## Required action
Check the listing below line by line and report how many lines hold "Drawn", with no other words.

== Input for this task ==

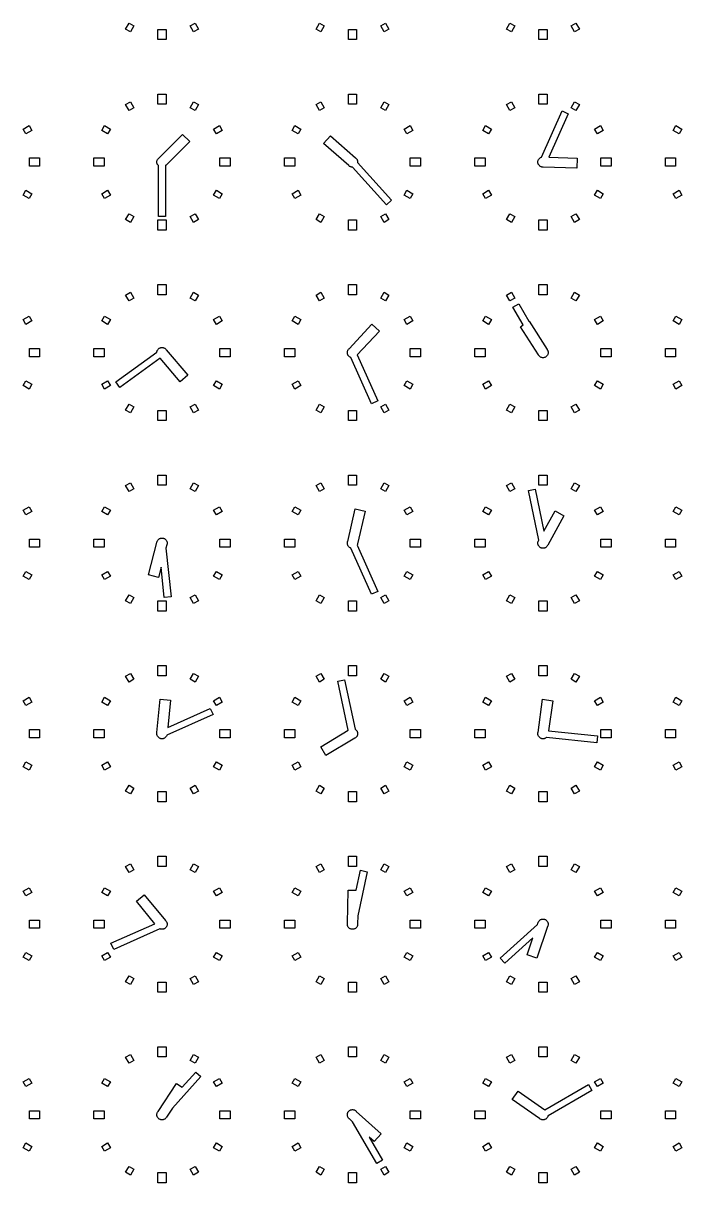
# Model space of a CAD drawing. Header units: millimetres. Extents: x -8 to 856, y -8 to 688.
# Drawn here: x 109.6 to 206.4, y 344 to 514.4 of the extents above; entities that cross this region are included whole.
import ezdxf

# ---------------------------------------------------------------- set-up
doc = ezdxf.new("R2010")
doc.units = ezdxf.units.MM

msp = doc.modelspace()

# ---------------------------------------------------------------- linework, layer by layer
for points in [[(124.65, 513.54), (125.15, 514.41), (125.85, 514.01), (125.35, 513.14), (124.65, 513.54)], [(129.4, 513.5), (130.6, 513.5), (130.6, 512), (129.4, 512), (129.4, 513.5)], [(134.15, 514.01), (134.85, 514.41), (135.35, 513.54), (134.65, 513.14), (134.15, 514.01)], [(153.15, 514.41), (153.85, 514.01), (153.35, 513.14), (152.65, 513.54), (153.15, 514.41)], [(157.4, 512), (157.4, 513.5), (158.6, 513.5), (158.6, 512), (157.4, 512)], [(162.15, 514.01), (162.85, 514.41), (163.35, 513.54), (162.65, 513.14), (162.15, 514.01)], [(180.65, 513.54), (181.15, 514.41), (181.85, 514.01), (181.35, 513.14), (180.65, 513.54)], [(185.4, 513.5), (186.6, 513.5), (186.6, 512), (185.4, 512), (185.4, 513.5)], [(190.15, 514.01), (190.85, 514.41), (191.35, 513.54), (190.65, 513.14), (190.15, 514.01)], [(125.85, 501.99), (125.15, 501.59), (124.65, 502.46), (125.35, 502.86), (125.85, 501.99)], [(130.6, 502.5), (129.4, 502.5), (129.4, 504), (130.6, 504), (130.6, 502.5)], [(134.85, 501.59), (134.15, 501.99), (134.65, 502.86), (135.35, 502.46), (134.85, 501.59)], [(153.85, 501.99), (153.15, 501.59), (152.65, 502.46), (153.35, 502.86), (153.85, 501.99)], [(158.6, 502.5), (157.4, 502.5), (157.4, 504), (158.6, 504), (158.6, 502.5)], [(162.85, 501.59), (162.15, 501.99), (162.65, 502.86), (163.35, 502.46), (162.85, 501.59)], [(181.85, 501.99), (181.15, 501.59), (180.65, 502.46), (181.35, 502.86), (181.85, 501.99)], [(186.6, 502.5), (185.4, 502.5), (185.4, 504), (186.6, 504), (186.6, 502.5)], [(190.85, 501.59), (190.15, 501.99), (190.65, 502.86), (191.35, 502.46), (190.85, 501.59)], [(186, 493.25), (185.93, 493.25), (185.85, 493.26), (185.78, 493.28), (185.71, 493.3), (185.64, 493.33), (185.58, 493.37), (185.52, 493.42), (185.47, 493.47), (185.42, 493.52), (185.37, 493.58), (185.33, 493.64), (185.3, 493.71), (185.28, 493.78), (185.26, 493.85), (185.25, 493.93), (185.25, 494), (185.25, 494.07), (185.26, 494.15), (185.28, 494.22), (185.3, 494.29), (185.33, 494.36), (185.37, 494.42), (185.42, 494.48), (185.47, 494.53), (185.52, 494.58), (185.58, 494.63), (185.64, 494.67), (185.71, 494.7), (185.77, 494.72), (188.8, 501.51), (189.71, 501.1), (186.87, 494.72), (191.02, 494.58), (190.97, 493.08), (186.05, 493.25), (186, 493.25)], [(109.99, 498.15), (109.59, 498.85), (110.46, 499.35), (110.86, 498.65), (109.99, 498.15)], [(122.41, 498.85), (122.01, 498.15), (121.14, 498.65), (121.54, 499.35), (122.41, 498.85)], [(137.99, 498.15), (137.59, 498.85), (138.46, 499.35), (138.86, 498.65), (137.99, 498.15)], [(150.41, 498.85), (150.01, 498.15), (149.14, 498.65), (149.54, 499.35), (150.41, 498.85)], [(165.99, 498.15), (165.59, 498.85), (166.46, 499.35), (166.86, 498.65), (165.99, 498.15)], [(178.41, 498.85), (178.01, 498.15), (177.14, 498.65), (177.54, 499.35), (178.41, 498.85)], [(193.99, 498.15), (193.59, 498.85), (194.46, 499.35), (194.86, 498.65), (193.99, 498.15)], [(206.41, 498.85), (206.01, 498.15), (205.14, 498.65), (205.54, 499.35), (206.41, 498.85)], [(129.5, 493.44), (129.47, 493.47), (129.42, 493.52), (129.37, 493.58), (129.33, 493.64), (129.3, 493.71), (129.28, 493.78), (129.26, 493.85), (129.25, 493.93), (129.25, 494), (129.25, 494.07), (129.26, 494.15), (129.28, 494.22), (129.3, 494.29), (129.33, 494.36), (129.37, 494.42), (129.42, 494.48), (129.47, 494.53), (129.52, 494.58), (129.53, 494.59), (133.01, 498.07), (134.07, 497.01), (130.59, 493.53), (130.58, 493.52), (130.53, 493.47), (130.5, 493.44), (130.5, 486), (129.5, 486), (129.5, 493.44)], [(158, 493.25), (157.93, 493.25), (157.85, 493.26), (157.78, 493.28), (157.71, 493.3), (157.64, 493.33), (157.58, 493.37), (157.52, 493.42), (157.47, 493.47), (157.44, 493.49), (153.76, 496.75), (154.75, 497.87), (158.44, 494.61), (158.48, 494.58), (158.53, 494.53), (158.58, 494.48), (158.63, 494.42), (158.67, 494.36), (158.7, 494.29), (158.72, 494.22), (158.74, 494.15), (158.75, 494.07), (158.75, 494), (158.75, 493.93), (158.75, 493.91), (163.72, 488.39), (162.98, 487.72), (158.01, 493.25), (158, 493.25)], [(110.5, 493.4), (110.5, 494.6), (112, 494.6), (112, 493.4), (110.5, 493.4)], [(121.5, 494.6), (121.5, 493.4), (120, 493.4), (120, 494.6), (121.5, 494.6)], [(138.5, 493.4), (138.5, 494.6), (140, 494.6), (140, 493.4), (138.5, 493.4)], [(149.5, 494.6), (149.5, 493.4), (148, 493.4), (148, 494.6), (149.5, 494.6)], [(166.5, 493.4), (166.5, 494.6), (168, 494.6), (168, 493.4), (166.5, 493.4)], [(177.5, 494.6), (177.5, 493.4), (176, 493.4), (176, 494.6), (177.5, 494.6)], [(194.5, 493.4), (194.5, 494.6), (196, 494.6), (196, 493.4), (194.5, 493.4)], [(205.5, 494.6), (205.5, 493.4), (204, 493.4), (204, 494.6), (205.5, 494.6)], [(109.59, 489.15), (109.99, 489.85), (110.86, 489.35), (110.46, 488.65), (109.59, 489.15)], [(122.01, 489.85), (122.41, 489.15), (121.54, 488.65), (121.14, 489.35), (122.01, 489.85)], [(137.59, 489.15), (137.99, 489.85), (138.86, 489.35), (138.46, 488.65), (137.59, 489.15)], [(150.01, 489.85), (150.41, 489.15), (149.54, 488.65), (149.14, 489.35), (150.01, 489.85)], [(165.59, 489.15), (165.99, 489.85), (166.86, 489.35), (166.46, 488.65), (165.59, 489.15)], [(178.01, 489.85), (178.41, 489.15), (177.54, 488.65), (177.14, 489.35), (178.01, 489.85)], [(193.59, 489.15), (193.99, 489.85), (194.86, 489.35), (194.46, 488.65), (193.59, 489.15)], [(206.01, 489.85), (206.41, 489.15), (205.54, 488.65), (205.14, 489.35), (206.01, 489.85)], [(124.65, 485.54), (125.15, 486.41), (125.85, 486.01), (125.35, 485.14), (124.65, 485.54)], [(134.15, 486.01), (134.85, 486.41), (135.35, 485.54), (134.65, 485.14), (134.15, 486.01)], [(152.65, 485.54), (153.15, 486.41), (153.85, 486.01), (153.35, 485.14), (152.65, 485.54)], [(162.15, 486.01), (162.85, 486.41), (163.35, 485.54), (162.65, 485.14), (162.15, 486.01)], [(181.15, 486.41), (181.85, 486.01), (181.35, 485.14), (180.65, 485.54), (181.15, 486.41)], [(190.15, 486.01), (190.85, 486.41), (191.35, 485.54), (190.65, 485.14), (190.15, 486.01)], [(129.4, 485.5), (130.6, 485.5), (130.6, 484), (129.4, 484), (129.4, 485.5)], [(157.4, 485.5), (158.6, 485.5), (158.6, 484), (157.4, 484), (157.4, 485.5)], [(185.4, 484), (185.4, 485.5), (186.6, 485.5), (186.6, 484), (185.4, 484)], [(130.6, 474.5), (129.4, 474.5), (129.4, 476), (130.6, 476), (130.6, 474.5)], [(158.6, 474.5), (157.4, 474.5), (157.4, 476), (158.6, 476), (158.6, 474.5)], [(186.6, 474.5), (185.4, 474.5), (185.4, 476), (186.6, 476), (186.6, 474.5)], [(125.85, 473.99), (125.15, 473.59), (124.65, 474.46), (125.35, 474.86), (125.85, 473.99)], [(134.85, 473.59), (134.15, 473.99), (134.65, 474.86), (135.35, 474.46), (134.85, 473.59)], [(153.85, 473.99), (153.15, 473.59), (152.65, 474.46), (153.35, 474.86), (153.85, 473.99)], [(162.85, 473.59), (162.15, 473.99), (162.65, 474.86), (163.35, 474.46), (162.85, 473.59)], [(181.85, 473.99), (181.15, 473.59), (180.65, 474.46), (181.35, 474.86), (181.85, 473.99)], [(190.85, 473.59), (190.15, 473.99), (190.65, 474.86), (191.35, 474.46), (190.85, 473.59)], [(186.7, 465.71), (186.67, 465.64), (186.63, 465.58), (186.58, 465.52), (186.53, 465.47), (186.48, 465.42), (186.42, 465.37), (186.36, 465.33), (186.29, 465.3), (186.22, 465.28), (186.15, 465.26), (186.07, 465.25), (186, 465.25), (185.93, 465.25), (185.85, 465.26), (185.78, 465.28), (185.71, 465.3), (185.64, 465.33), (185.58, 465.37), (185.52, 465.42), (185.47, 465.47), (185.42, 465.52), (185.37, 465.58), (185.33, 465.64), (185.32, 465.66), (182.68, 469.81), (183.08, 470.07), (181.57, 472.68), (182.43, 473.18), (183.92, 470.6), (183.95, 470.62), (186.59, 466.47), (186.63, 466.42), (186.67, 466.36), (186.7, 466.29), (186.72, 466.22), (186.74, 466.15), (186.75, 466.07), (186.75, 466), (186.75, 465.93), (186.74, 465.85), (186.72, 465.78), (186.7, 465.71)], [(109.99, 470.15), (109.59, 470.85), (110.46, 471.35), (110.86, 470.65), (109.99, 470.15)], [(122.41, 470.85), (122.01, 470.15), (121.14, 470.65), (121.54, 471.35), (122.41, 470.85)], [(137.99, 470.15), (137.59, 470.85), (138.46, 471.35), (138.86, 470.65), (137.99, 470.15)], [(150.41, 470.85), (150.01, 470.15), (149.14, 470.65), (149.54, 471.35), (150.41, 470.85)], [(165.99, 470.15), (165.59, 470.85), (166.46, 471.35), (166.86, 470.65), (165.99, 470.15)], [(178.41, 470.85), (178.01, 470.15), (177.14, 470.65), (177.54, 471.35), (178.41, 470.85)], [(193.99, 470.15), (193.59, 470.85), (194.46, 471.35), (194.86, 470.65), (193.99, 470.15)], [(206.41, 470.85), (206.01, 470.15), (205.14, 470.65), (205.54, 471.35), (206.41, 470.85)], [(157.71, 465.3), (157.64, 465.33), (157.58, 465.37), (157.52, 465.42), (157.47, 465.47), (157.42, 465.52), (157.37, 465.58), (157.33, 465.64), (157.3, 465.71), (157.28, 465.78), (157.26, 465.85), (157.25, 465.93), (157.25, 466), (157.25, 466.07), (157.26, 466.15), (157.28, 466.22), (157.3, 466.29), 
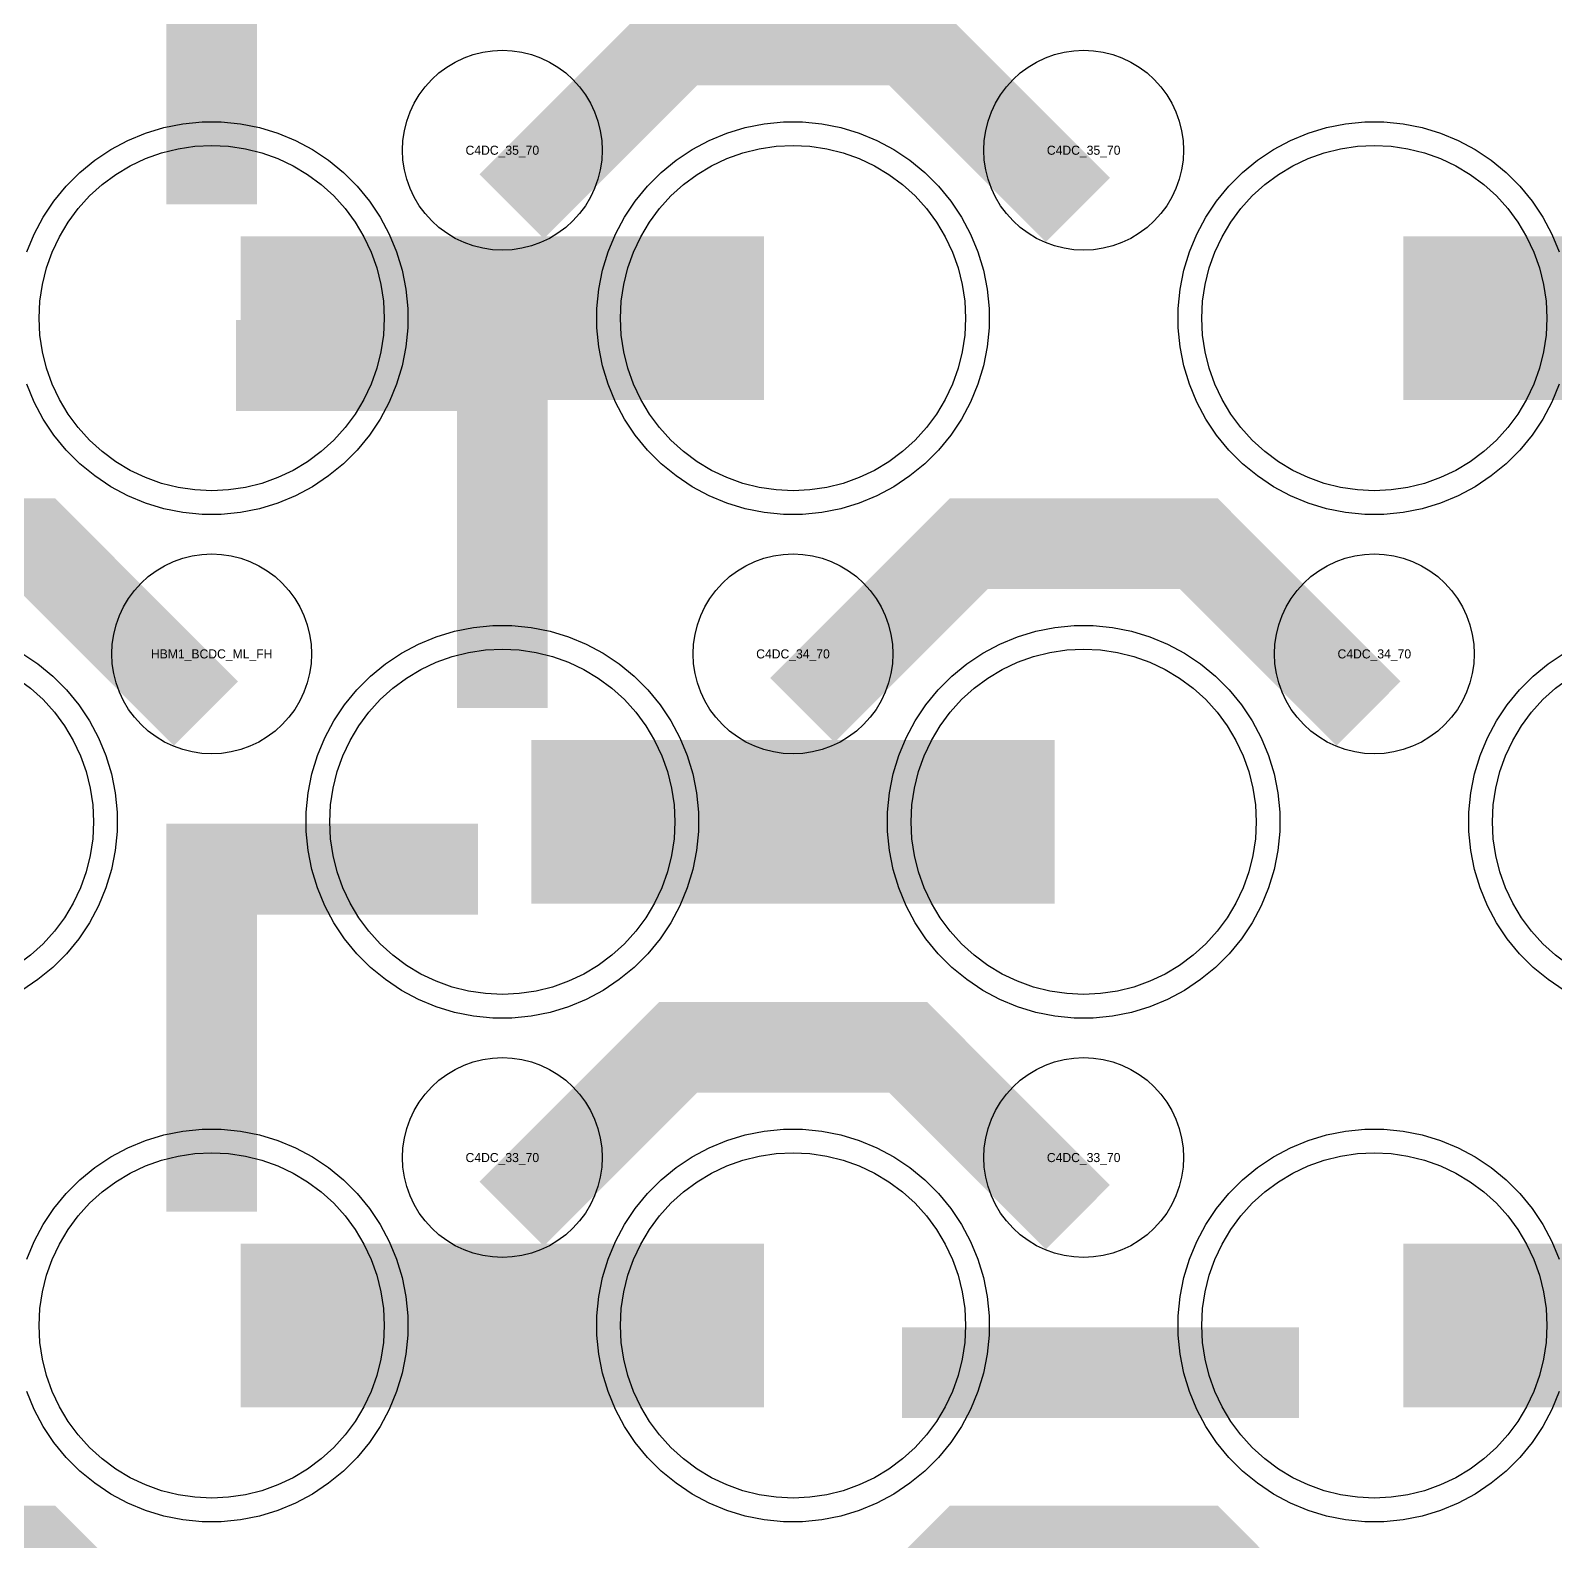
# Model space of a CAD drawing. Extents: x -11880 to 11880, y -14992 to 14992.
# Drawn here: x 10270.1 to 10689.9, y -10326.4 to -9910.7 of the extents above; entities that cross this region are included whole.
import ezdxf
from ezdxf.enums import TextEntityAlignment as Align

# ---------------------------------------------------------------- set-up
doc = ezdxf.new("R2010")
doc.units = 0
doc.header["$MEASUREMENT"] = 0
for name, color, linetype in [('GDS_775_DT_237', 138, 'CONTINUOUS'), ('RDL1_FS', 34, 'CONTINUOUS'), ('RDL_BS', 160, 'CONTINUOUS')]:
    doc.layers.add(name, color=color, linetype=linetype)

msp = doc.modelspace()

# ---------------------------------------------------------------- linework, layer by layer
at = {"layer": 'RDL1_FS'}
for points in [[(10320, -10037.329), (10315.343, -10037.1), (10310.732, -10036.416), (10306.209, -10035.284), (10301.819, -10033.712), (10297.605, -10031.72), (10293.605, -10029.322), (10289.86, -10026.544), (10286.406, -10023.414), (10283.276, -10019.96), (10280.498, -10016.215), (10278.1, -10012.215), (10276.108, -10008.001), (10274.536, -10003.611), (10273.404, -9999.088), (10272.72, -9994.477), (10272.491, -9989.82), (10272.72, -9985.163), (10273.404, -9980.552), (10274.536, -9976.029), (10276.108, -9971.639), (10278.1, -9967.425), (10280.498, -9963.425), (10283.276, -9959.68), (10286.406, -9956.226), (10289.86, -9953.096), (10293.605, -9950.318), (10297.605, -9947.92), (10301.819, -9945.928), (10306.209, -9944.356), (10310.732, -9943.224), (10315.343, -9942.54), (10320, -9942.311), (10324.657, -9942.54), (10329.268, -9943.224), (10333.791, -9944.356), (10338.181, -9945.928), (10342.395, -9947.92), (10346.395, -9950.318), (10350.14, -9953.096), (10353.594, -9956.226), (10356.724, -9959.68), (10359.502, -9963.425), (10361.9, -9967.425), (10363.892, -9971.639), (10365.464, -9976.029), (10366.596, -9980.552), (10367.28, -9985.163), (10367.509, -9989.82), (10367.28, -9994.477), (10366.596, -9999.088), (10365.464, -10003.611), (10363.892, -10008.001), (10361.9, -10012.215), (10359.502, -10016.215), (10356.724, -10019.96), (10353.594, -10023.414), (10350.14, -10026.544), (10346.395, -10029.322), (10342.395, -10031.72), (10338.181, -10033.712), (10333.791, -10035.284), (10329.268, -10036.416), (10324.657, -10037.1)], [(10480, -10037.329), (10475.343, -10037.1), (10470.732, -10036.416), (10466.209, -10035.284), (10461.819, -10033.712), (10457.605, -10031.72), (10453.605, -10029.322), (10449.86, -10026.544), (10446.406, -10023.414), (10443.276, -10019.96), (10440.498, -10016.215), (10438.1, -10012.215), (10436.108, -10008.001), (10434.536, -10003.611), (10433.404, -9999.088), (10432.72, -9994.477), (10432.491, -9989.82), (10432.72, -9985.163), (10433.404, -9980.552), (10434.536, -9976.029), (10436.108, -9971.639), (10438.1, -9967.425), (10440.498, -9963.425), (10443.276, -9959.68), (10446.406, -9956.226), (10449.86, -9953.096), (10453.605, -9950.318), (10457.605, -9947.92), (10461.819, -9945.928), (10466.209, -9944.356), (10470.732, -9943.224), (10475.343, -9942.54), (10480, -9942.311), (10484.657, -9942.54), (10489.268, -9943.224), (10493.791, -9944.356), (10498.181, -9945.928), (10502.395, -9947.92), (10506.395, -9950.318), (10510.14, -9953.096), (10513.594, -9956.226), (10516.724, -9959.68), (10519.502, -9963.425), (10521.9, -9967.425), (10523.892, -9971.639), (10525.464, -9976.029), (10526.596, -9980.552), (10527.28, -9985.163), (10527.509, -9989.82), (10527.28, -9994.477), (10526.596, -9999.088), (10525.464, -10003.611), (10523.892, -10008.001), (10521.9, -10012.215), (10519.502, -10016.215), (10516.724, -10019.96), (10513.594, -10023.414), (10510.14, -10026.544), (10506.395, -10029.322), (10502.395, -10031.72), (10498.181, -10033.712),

===

## Task solution
2